8. Add approximately 2 mg of invertase enzyme to both tubes and place
them in the 37 C bath for 20-30 minutes.
9. While the test tubes are incubating in the bath, polarimetry will be used to
identify the monosaccharides. Use the solutions labeled ‘polarimeter A’
and ‘polarimeter B’ for this test. Consult the operating manual and
instructor for further details. Record the results.

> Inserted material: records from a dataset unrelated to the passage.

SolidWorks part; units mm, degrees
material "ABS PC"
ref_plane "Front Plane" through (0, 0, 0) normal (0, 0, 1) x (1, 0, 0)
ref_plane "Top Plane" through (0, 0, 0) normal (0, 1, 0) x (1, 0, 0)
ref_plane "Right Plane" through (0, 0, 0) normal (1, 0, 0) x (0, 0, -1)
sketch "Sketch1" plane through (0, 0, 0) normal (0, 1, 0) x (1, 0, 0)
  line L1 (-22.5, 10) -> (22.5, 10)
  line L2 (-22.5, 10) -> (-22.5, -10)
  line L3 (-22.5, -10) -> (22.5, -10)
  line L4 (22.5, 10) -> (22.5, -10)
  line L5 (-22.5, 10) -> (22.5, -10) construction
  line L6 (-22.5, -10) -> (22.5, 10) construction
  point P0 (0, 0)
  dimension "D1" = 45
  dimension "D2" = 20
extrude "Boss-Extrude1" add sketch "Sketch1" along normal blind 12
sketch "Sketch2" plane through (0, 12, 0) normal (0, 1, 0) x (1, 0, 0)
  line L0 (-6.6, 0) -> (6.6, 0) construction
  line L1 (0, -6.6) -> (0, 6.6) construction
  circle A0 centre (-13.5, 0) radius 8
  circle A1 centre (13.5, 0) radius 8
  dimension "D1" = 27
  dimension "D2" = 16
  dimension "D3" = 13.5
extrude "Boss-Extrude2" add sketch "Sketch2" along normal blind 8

Specific rotations of fructose and glucose:
fructose  = – 93°
glucose  = + 52°
10. Once the incubation time is complete, repeat Tollen’s test on the
disaccharides. A positive test should identify the sucrose solution (now
broken down into monosaccharides by the enzyme).
Having completed the above tests, the identity of each unknown should now be
established.
***********Postlab Questions
1 a. Draw the products of the acid hydrolysis of lactose.
b. Draw the aldehyde form of lactose.
2. What can you conclude from the results of the Benedict’s and Tollen’s tests? In
other words, which sugars are reducing, and which are non-reducing, according
to the results of your tests? This answer should be longer than a couple words.
3. Describe, using the polarimetry data, what sugars were generated in test tubes
2 and 3. Please support your claims with evidence!